2. The method according to claim 1, wherein: The preparation work involves at least one of the following adjustments: the engine intake system temperature, the engine intake system pressure, the proportion of exhaust gas introduced into the engine intake system, the engine compression ratio, the air-fuel ratio entering the engine, the engine fuel supply strategy including fuel injection time and injection quantity, the engine ignition timing, and changes to the engine valve timing and valve lift.
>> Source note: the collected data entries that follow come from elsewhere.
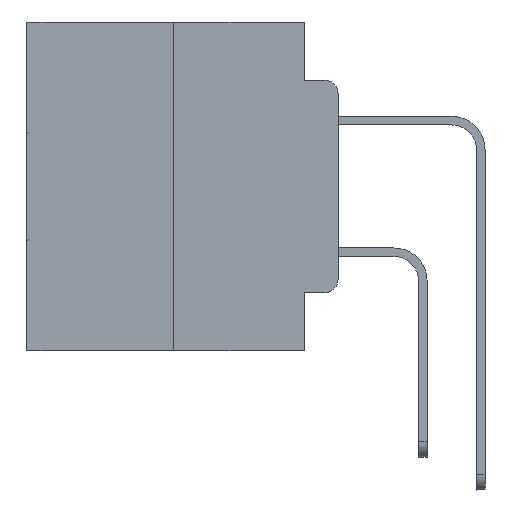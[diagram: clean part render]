
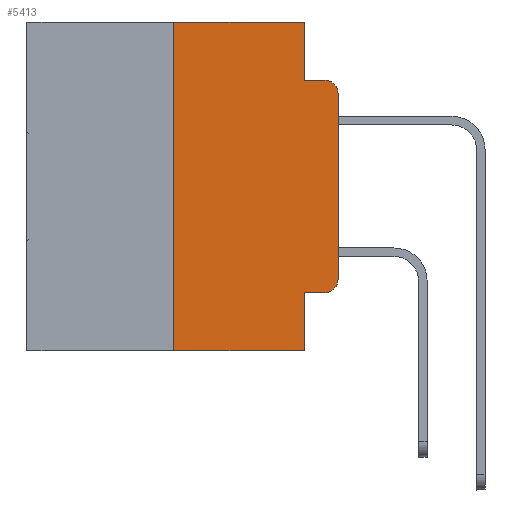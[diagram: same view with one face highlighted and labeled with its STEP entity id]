
A CAD part, left-side view. The second image highlights one B-rep face of the part: STEP entity #5413.
In plain terms, the highlighted planar face has unit normal (-1, 0, 0).
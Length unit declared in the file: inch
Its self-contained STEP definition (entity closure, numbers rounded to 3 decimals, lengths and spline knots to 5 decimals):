
#1445 = EDGE_CURVE ( 'NONE', #25797, #8543, #18991, .T. ) ;
#1482 = ORIENTED_EDGE ( 'NONE', *, *, #1445, .F. ) ;
#1768 = VERTEX_POINT ( 'NONE', #11312 ) ;
#2505 = EDGE_CURVE ( 'NONE', #1768, #14489, #7403, .T. ) ;
#3395 = ORIENTED_EDGE ( 'NONE', *, *, #3486, .T. ) ;
#3486 = EDGE_CURVE ( 'NONE', #14489, #27087, #11125, .T. ) ;
#3939 = VERTEX_POINT ( 'NONE', #16318 ) ;
#4464 = DIRECTION ( 'NONE',  ( 0., -1., 0. ) ) ;
#5152 = LINE ( 'NONE', #9500, #22812 ) ;
#5413 = ADVANCED_FACE ( 'NONE', ( #10085 ), #7814, .F. ) ;
#6423 = ORIENTED_EDGE ( 'NONE', *, *, #21006, .F. ) ;
#7162 = CIRCLE ( 'NONE', #29111, 0.02 ) ;
#7281 = AXIS2_PLACEMENT_3D ( 'NONE', #29395, #24772, #17108 ) ;
#7403 = CIRCLE ( 'NONE', #11485, 0.02 ) ;
#7814 = PLANE ( 'NONE',  #7281 ) ;
#8119 = VECTOR ( 'NONE', #30658, 39.37008 ) ;
#8517 = VECTOR ( 'NONE', #29429, 39.37008 ) ;
#8543 = VERTEX_POINT ( 'NONE', #23139 ) ;
#8775 = ORIENTED_EDGE ( 'NONE', *, *, #24849, .T. ) ;
#9057 = VERTEX_POINT ( 'NONE', #21334 ) ;
#9500 = CARTESIAN_POINT ( 'NONE',  ( 0., 0.051, -0.4115 ) ) ;
#10085 = FACE_OUTER_BOUND ( 'NONE', #21643, .T. ) ;
#10457 = DIRECTION ( 'NONE',  ( 0., 0., -1. ) ) ;
#10911 = EDGE_CURVE ( 'NONE', #23085, #25797, #22246, .T. ) ;
#11125 = LINE ( 'NONE', #16239, #13843 ) ;
#11164 = CARTESIAN_POINT ( 'NONE',  ( 0., 0., -0.1085 ) ) ;
#11312 = CARTESIAN_POINT ( 'NONE',  ( 0., 0.02, -0.4115 ) ) ;
#11485 = AXIS2_PLACEMENT_3D ( 'NONE', #18104, #19876, #10457 ) ;
#11494 = ORIENTED_EDGE ( 'NONE', *, *, #15456, .F. ) ;
#11656 = LINE ( 'NONE', #21563, #8119 ) ;
#12397 = ORIENTED_EDGE ( 'NONE', *, *, #2505, .T. ) ;
#13021 = CARTESIAN_POINT ( 'NONE',  ( 0., 0.25, -0.5 ) ) ;
#13843 = VECTOR ( 'NONE', #25965, 39.37008 ) ;
#14489 = VERTEX_POINT ( 'NONE', #18332 ) ;
#15133 = LINE ( 'NONE', #24864, #30101 ) ;
#15456 = EDGE_CURVE ( 'NONE', #3939, #26605, #11656, .T. ) ;
#16156 = CARTESIAN_POINT ( 'NONE',  ( 0., 0.051, -0.5 ) ) ;
#16172 = EDGE_CURVE ( 'NONE', #23085, #26605, #15133, .T. ) ;
#16239 = CARTESIAN_POINT ( 'NONE',  ( 0., 0., 0. ) ) ;
#16318 = CARTESIAN_POINT ( 'NONE',  ( 0., 0.051, -0.4115 ) ) ;
#16752 = EDGE_CURVE ( 'NONE', #27087, #21633, #7162, .T. ) ;
#16861 = LINE ( 'NONE', #21821, #25201 ) ;
#17108 = DIRECTION ( 'NONE',  ( 0., 0., -1. ) ) ;
#17762 = CARTESIAN_POINT ( 'NONE',  ( 0., 0.25, 0. ) ) ;
#18104 = CARTESIAN_POINT ( 'NONE',  ( 0., 0.02, -0.3915 ) ) ;
#18332 = CARTESIAN_POINT ( 'NONE',  ( 0., 0., -0.3915 ) ) ;
#18660 = DIRECTION ( 'NONE',  ( 0., 0., -1. ) ) ;
#18991 = LINE ( 'NONE', #28741, #31103 ) ;
#19219 = DIRECTION ( 'NONE',  ( 0., -1., 0. ) ) ;
#19876 = DIRECTION ( 'NONE',  ( -1., 0., 0. ) ) ;
#21006 = EDGE_CURVE ( 'NONE', #8543, #9057, #23307, .T. ) ;
#21317 = ORIENTED_EDGE ( 'NONE', *, *, #16172, .T. ) ;
#21334 = CARTESIAN_POINT ( 'NONE',  ( 0., 0.051, -0.0885 ) ) ;
#21362 = ORIENTED_EDGE ( 'NONE', *, *, #29018, .F. ) ;
#21563 = CARTESIAN_POINT ( 'NONE',  ( 0., 0.051, 0. ) ) ;
#21633 = VERTEX_POINT ( 'NONE', #31381 ) ;
#21643 = EDGE_LOOP ( 'NONE', ( #3395, #30545, #21362, #6423, #1482, #23868, #21317, #11494, #8775, #12397 ) ) ;
#21821 = CARTESIAN_POINT ( 'NONE',  ( 0., 0.051, -0.0885 ) ) ;
#22246 = LINE ( 'NONE', #17762, #8517 ) ;
#22812 = VECTOR ( 'NONE', #19219, 39.37008 ) ;
#22915 = DIRECTION ( 'NONE',  ( 0., 0., -1. ) ) ;
#22945 = DIRECTION ( 'NONE',  ( 0., -1., 0. ) ) ;
#23085 = VERTEX_POINT ( 'NONE', #13021 ) ;
#23139 = CARTESIAN_POINT ( 'NONE',  ( 0., 0.051, 0. ) ) ;
#23307 = LINE ( 'NONE', #26005, #24642 ) ;
#23868 = ORIENTED_EDGE ( 'NONE', *, *, #10911, .F. ) ;
#24642 = VECTOR ( 'NONE', #18660, 39.37008 ) ;
#24772 = DIRECTION ( 'NONE',  ( 1., 0., 0. ) ) ;
#24849 = EDGE_CURVE ( 'NONE', #3939, #1768, #5152, .T. ) ;
#24864 = CARTESIAN_POINT ( 'NONE',  ( 0., 0.473, -0.5 ) ) ;
#25201 = VECTOR ( 'NONE', #31542, 39.37008 ) ;
#25797 = VERTEX_POINT ( 'NONE', #27937 ) ;
#25965 = DIRECTION ( 'NONE',  ( 0., 0., 1. ) ) ;
#26005 = CARTESIAN_POINT ( 'NONE',  ( 0., 0.051, 0. ) ) ;
#26206 = DIRECTION ( 'NONE',  ( -1., 0., 0. ) ) ;
#26605 = VERTEX_POINT ( 'NONE', #16156 ) ;
#27087 = VERTEX_POINT ( 'NONE', #11164 ) ;
#27694 = CARTESIAN_POINT ( 'NONE',  ( 0., 0.02, -0.1085 ) ) ;
#27937 = CARTESIAN_POINT ( 'NONE',  ( 0., 0.25, 0. ) ) ;
#28741 = CARTESIAN_POINT ( 'NONE',  ( 0., 0.473, 0. ) ) ;
#29018 = EDGE_CURVE ( 'NONE', #9057, #21633, #16861, .T. ) ;
#29111 = AXIS2_PLACEMENT_3D ( 'NONE', #27694, #26206, #22915 ) ;
#29395 = CARTESIAN_POINT ( 'NONE',  ( 0., 0.473, 0. ) ) ;
#29429 = DIRECTION ( 'NONE',  ( 0., 0., 1. ) ) ;
#30101 = VECTOR ( 'NONE', #22945, 39.37008 ) ;
#30545 = ORIENTED_EDGE ( 'NONE', *, *, #16752, .T. ) ;
#30658 = DIRECTION ( 'NONE',  ( 0., 0., -1. ) ) ;
#31103 = VECTOR ( 'NONE', #4464, 39.37008 ) ;
#31381 = CARTESIAN_POINT ( 'NONE',  ( 0., 0.02, -0.0885 ) ) ;
#31542 = DIRECTION ( 'NONE',  ( 0., -1., 0. ) ) ;

3. The method of claim 1, wherein determining the transition of the engine from the current combustion mode to the new combustion mode is based on at least one of: The charging state of the battery; The engine operating point supports stable combustion under the new combustion mode; The vehicle driver's torque demand on the hybrid electric vehicle and the expected duration of the transition interval; and The hybrid electric vehicle operates more efficiently in the new combustion mode than it does in the current combustion mode.
4. The method according to claim 1, wherein: The hybrid electric vehicle is in a series configuration; The motor is a first motor that is mechanically connected to the engine and electrically connected to the battery; The series hybrid electric vehicle further includes: A second motor is electrically connected to the battery; and The drive wheel is mechanically connected to the second motor.
5. The method according to claim 1, wherein: The hybrid electric vehicle is configured in parallel. The motor is a first motor and is electrically connected to the battery; and During the transition interval, the motor is mechanically connected to the engine, and the motor and the engine are mechanically connected to the drive wheels of the parallel hybrid electric vehicle.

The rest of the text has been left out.